(Recorded data)
──────────────────────────────

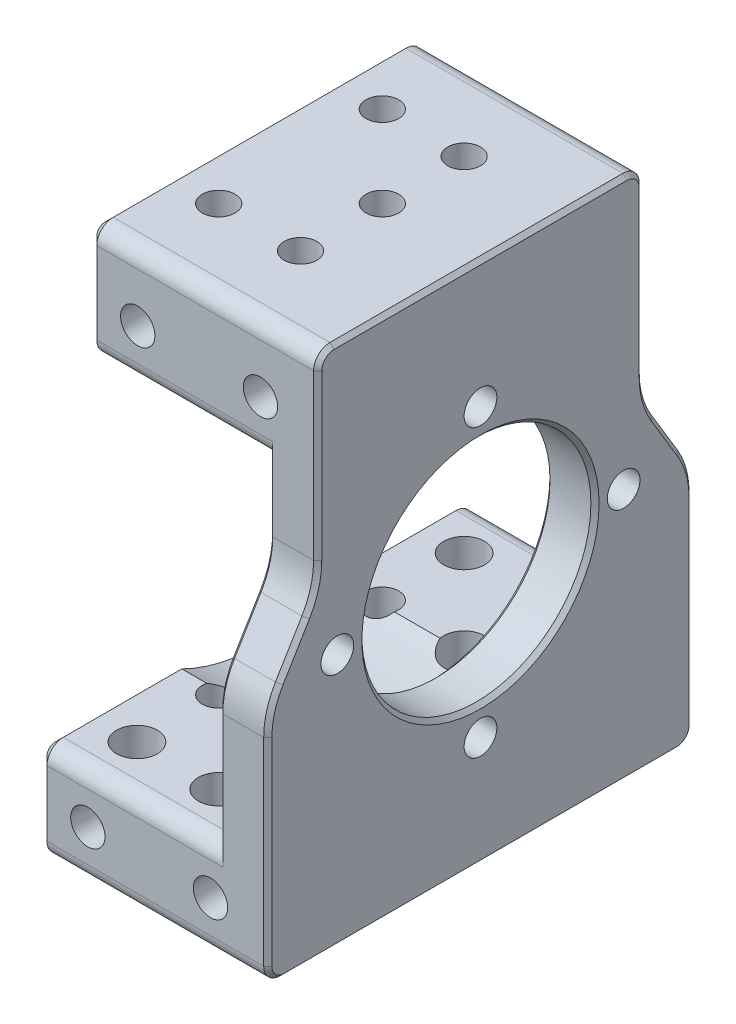
from build123d import *

# Parameters (mm, degrees)
SKETCH_1_W                     = 52
SKETCH_1_H                     = 64
EXTRUDE_1_DEPTH                = 28
SKETCH_2_W                     = 22
SKETCH_2_H                     = 52
CUT_EXTRUDE_1_DEPTH            = 78.900042429
SKETCH_3_W                     = 6.1
SKETCH_3_H                     = 35
CUT_EXTRUDE_2_DEPTH            = 81.215671716
SKETCH_4_W                     = 6.1
SKETCH_4_H                     = 35
CUT_EXTRUDE_3_DEPTH            = 81.215671716
SKETCH_5_W                     = 39.8
SKETCH_5_H                     = 14
EXTRUDE_2_DEPTH                = 22
CUT_EXTRUDE_4_DEPTH            = 22
CUT_EXTRUDE_5_DEPTH            = 22
DRAFT_1_ANGLE                  = 58.966808195
DRAFT_2_ANGLE                  = 58.966808195
HOLE_WIZARD_5_0_5_1_REACH      = 86.958
HOLE_WIZARD_5_0_5_1_BORE_R     = 2.5
HOLE_WIZARD_5_0_5_2_D          = 5
HOLE_WIZARD_5_0_5_2_DEPTH      = 12
HOLE_WIZARD_4_0_4_2_D          = 4
HOLE_WIZARD_4_0_4_3_D          = 4
HOLE_WIZARD_M24_1_D            = 28
HOLE_WIZARD_M24_1_DEPTH        = 28
HOLE_WIZARD_4_0_4_1_D          = 4
HOLE_WIZARD_4_2_4_2_1_D        = 4.2
HOLE_WIZARD_5_0_5_3_D          = 5
HOLE_WIZARD_5_0_5_3_DEPTH      = 12
HOLE_WIZARD_4_2_4_2_2_D        = 4.2
SKETCH_26_W                    = 2.5
SKETCH_26_H                    = 9.814155669
SKETCH_28_W                    = 2
SKETCH_28_H                    = 85.3
HOLE_WIZARD_4_0_4_4_AT_2_COUNT = 2
HOLE_WIZARD_4_0_4_4_AT_2_PITCH = 20
HOLE_WIZARD_5_0_5_6_D          = 5
HOLE_WIZARD_5_0_5_6_DEPTH      = 16.7
HOLE_WIZARD_4_2_4_2_3_D        = 4.2
HOLE_WIZARD_4_2_4_2_3_DEPTH    = 45.9
FILLET_1_R                     = 2
FILLET_2_R                     = 10
CHAMFER_1_SIZE                 = 0.5
CHAMFER_2_SIZE                 = 1
SKETCH_34_R                    = 2.5
CUT_EXTRUDE_6_DEPTH            = 10


with BuildPart() as part:
    # 草图1 → 凸台-拉伸1 (new body)
    with BuildSketch(Plane(origin=(7.558311674, 0, 0), x_dir=(0, 0, -1), z_dir=(1, 0, 0))):
        with Locations((-26, 22.282170082)):
            Rectangle(SKETCH_1_W, SKETCH_1_H)
    extrude(amount=-EXTRUDE_1_DEPTH)

    # 草图2 → 切除-拉伸1 (cut, through all)
    with BuildSketch(Plane(origin=(0, 0, 0), x_dir=(-1, 0, 0), z_dir=(0, 0, -1))):
        with Locations((9.441688326, 28.282170082)):
            Rectangle(SKETCH_2_W, SKETCH_2_H)
    extrude(amount=-CUT_EXTRUDE_1_DEPTH, mode=Mode.SUBTRACT)

    # 草图3 → 切除-拉伸2 (cut, through all)
    with BuildSketch(Plane(origin=(7.558311674, 0, 0), x_dir=(0, 0, -1), z_dir=(1, 0, 0))):
        with Locations((-48.95, 36.782170082)):
            Rectangle(SKETCH_3_W, SKETCH_3_H)
    extrude(amount=-CUT_EXTRUDE_2_DEPTH, mode=Mode.SUBTRACT)

    # 草图4 → 切除-拉伸3 (cut, through all)
    with BuildSketch(Plane(origin=(7.558311674, 0, 0), x_dir=(0, 0, -1), z_dir=(1, 0, 0))):
        with Locations((-3.05, 36.782170082)):
            Rectangle(SKETCH_4_W, SKETCH_4_H)
    extrude(amount=-CUT_EXTRUDE_3_DEPTH, mode=Mode.SUBTRACT)

    # 草图5 → 凸台-拉伸2 (add)
    with BuildSketch(Plane.ZY.offset(-1.558311674)):
        with Locations((26, 47.282170082)):
            Rectangle(SKETCH_5_W, SKETCH_5_H)
    extrude(amount=EXTRUDE_2_DEPTH)

    # 草图6 → 切除-拉伸4 (cut)
    with BuildSketch(Plane.ZY.offset(20.441688326)):
        with BuildLine():
            Line((16.483566845, 40.282170082), (35.516433155, 40.282170082))
            ThreePointArc((35.516433155, 40.282170082), (26, 42.532170082), (16.483566845, 40.282170082))
        make_face()
    extrude(amount=-CUT_EXTRUDE_4_DEPTH, mode=Mode.SUBTRACT)

    # 草图7 → 切除-拉伸5 (cut)
    with BuildSketch(Plane.ZY.offset(20.441688326)):
        with BuildLine():
            Line((35.516433155, 2.282170082), (16.483566845, 2.282170082))
            ThreePointArc((16.483566845, 2.282170082), (26, 0.032170082), (35.516433155, 2.282170082))
        make_face()
    extrude(amount=-CUT_EXTRUDE_5_DEPTH, mode=Mode.SUBTRACT)

    # 拔模1
    draft_1_faces = [part.faces().sort_by_distance(p)[0] for p in [
        (4.558311674, 19.282170082, 48.95),
    ]]
    draft(draft_1_faces, Plane(origin=(-20.441688326, 54.282170082, 52), x_dir=(1, 0, 0), z_dir=(0, 0, 1)), DRAFT_1_ANGLE)

    # 拔模2
    draft_2_faces = [part.faces().sort_by_distance(p)[0] for p in [
        (4.558311674, 19.282170082, 3.05),
    ]]
    draft(draft_2_faces, Plane(origin=(-20.441688326, -9.717829918, 0), x_dir=(-1, 0, 0), z_dir=(0, 0, -1)), DRAFT_2_ANGLE)

    # Ø5.0 (5) 直径孔1 bore → Ø5.0 (5) 直径孔1 (cut, up to next)
    with BuildSketch(Plane(origin=(0, -9.717829918, 0), x_dir=(-1, 0, 0), z_dir=(0, -1, 0)), mode=Mode.PRIVATE) as hole_wizard_5_0_5_1_sk1:
        with Locations((4.441688326, -26)):
            Circle(HOLE_WIZARD_5_0_5_1_BORE_R)
    hole_wizard_5_0_5_1_tool1 = extrude(hole_wizard_5_0_5_1_sk1.sketch, amount=-HOLE_WIZARD_5_0_5_1_REACH, mode=Mode.PRIVATE) & part.part
    add(hole_wizard_5_0_5_1_tool1.solids().sort_by_distance((-4.441688, -9.71783, 26))[0], mode=Mode.SUBTRACT)

    # Ø5.0 (5) 直径孔2
    with Locations(Plane(origin=(0, -9.717829918, 0), x_dir=(-1, 0, 0), z_dir=(0, -1, 0))):
        with Locations((4.441688326, -36), (4.441688326, -16)):
            Hole(HOLE_WIZARD_5_0_5_2_D / 2, depth=HOLE_WIZARD_5_0_5_2_DEPTH)

    # Ø4.0 (4) 直径孔2 (through all)
    with Locations(Plane(origin=(0, 54.282170082, 0), x_dir=(1, 0, 0), z_dir=(0, 1, 0))):
        with Locations((-4.441688326, -26)):
            Hole(HOLE_WIZARD_4_0_4_2_D / 2)

    # Ø4.0 (4) 直径孔3 (through all)
    with Locations(Plane(origin=(0, 54.282170082, 0), x_dir=(1, 0, 0), z_dir=(0, 1, 0))):
        with Locations((-4.441688326, -36), (-4.441688326, -16)):
            Hole(HOLE_WIZARD_4_0_4_3_D / 2)

    # M24 间隙孔1
    with Locations(Plane(origin=(7.558311674, 0, 0), x_dir=(0, 0, -1), z_dir=(1, 0, 0))):
        with Locations((-26, 21.282170082)):
            Hole(HOLE_WIZARD_M24_1_D / 2, depth=HOLE_WIZARD_M24_1_DEPTH)

    # Ø4.0 (4) 直径孔1 (through all)
    with Locations(Plane.ZY.offset(-1.558311674)):
        with Locations((43.5, 21.282170082), (8.5, 21.282170082), (26, 3.782170082), (26, 38.782170082)):
            Hole(HOLE_WIZARD_4_0_4_1_D / 2)

    # Ø4.2 (4.2) 直径孔1 (through all)
    with Locations(Plane.XY.offset(52)):
        with Locations((0.558311674, -3.717829918)):
            Hole(HOLE_WIZARD_4_2_4_2_1_D / 2)

    # Ø5.0 (5) 直径孔3
    with Locations(Plane(origin=(0, 2.282170082, 0), x_dir=(1, 0, 0), z_dir=(0, 1, 0))):
        with Locations((-4.441688326, -46), (-4.441688326, -6)):
            Hole(HOLE_WIZARD_5_0_5_3_D / 2, depth=HOLE_WIZARD_5_0_5_3_DEPTH)

    # Ø4.2 (4.2) 直径孔2 (through all)
    with Locations(Plane(origin=(0, 0, 0), x_dir=(-1, 0, 0), z_dir=(0, 0, -1))):
        with Locations((14.441688326, -3.717829918)):
            Hole(HOLE_WIZARD_4_2_4_2_2_D / 2)

    # 草图26 → Ø5.0 (5) 直径孔4 (revolve, cut)
    with BuildSketch(Plane(origin=(-14.441688326, 0.096325751, 26), x_dir=(0, 0, 1), z_dir=(1, 0, 0))):
        with Locations((1.25, 4.907077834)):
            Rectangle(SKETCH_26_W, SKETCH_26_H)
    revolve(axis=Axis((-14.441688326, 6.446325751, 26), (0, -1, 0)), mode=Mode.SUBTRACT)

    # 草图28 → Ø4.0 (4) 直径孔4 (revolve, cut)
    with BuildSketch(Plane(origin=(-14.441688326, -2.418791804, 36), x_dir=(0, 0, -1), z_dir=(1, 0, 0))):
        with Locations((1, 42.65)):
            Rectangle(SKETCH_28_W, SKETCH_28_H)
    hole_wizard_4_0_4_4 = revolve(axis=Axis((-14.441688326, -8.768791804, 36), (0, 1, 0)), mode=Mode.SUBTRACT)

    # Ø4.0 (4) 直径孔4 at 2: Ø4.0 (4) 直径孔4 ×2
    with Locations(*[(0, 0, -i * HOLE_WIZARD_4_0_4_4_AT_2_PITCH) for i in range(1, HOLE_WIZARD_4_0_4_4_AT_2_COUNT)]):
        add(hole_wizard_4_0_4_4, mode=Mode.SUBTRACT)

    # Ø5.0 (5) 直径孔6
    with Locations(Plane(origin=(0, 2.282170082, 0), x_dir=(1, 0, 0), z_dir=(0, 1, 0))):
        with Locations((-14.441688326, -46), (-14.441688326, -6)):
            Hole(HOLE_WIZARD_5_0_5_6_D / 2, depth=HOLE_WIZARD_5_0_5_6_DEPTH)

    # Ø4.2 (4.2) 直径孔3
    with Locations(Plane(origin=(0, 0, 6.1), x_dir=(-1, 0, 0), z_dir=(0, 0, -1))):
        with Locations((14.441688326, 46.282170082), (-0.558311674, 46.282170082)):
            Hole(HOLE_WIZARD_4_2_4_2_3_D / 2, depth=HOLE_WIZARD_4_2_4_2_3_DEPTH)

    # 圆角1
    fillet_1_edges = [part.edges().sort_by_distance(p)[0] for p in [
        (-9.441688326, 2.282170082, 52),
        (-9.441688326, 2.282170082, 0),
        (-6.441688326, 54.282170082, 45.9),
        (-6.441688326, 54.282170082, 6.1),
        (-9.441688326, 40.282170082, 6.1),
        (-9.441688326, 40.282170082, 45.9),
        (-6.441688326, -9.717829918, 0),
        (-6.441688326, -9.717829918, 52),
    ]]
    fillet(fillet_1_edges, radius=FILLET_1_R)

    # 圆角2
    fillet_2_edges = [part.edges().sort_by_distance(p)[0] for p in [
        (4.558311674, 19.282170082, 52),
        (4.558311674, 29.420966061, 45.9),
        (4.558311674, 19.282170082, 0),
        (4.558311674, 29.420966061, 6.1),
    ]]
    fillet(fillet_2_edges, radius=FILLET_2_R)

    # 倒角1
    chamfer_1_edges = [part.edges().sort_by_distance(p)[0] for p in [
        (1.558311674, 21.282170082, 12),
        (7.558311674, 21.282170082, 12),
        (7.558311674, 42.239750567, 6.1),
        (7.558311674, 54.282170082, 26),
        (7.558311674, -9.717829918, 26),
        (7.558311674, 4.393987586, 0),
        (7.558311674, 53.696383644, 45.314213562),
        (7.558311674, -9.132043481, 51.414213562),
        (7.558311674, -9.132043481, 0.585786438),
        (7.558311674, 53.696383644, 6.685786438),
        (1.558311674, 8.393987586, 0),
        (7.558311674, 42.239750567, 45.9),
        (7.558311674, 24.351568072, 48.95),
        (7.558311674, 4.393987586, 52),
        (7.558311674, 24.351568072, 3.05),
        (7.558311674, 19.180979924, 51.635530063),
        (7.558311674, 19.180979924, 0.364469937),
        (1.558311674, 24.351568072, 3.05),
        (1.558311674, 8.393987586, 52),
        (1.558311674, 24.351568072, 48.95),
        (1.558311674, 37.239750567, 45.9),
        (1.558311674, 19.180979924, 51.635530063),
        (1.558311674, 19.180979924, 0.364469937),
        (7.558311674, 29.522156219, 46.264469937),
        (1.558311674, 29.522156219, 46.264469937),
        (7.558311674, 29.522156219, 5.735530063),
        (1.558311674, 29.522156219, 5.735530063),
        (1.558311674, 37.239750567, 6.1),
    ]]
    chamfer(chamfer_1_edges, length=CHAMFER_1_SIZE)

    # 倒角2
    chamfer_2_edges = [part.edges().sort_by_distance(p)[0] for p in [
        (-20.441688326, 47.282170082, 6.1),
        (-20.441688326, 54.282170082, 26),
        (-20.441688326, 40.282170082, 12.291783422),
        (-20.441688326, 47.282170082, 45.9),
        (-20.441688326, 53.696383644, 45.314213562),
        (-20.441688326, 40.867956519, 45.314213562),
        (-20.441688326, 40.867956519, 6.685786438),
        (-20.441688326, 53.696383644, 6.685786438),
        (-20.441688326, -9.717829918, 26),
        (-20.441688326, -3.717829918, 0),
        (-20.441688326, 2.282170082, 42.758216578),
        (-20.441688326, -3.717829918, 52),
        (-20.441688326, 1.696383644, 51.414213562),
        (-20.441688326, 1.696383644, 0.585786438),
        (-20.441688326, -9.132043481, 51.414213562),
        (-20.441688326, -9.132043481, 0.585786438),
        (-20.441688326, 40.282170082, 39.708216578),
        (-20.441688326, 42.532170082, 26),
        (-20.441688326, 2.282170082, 9.241783422),
        (-20.441688326, 0.032170082, 26),
    ]]
    chamfer(chamfer_2_edges, length=CHAMFER_2_SIZE)

    # 草图34 → 切除-拉伸6 (cut)
    with BuildSketch(Plane.XZ.offset(9.717829918)):
        with Locations(Location((-14.441688326, 26, 0), (0, 0, 90))):
            Circle(SKETCH_34_R)
    extrude(amount=-CUT_EXTRUDE_6_DEPTH, mode=Mode.SUBTRACT)


solid = part.part

──────────────────────────────

Exercise objective: Determine the number of lines in the data above that include the word "offset", then answer with that number alone.

Your solution: 6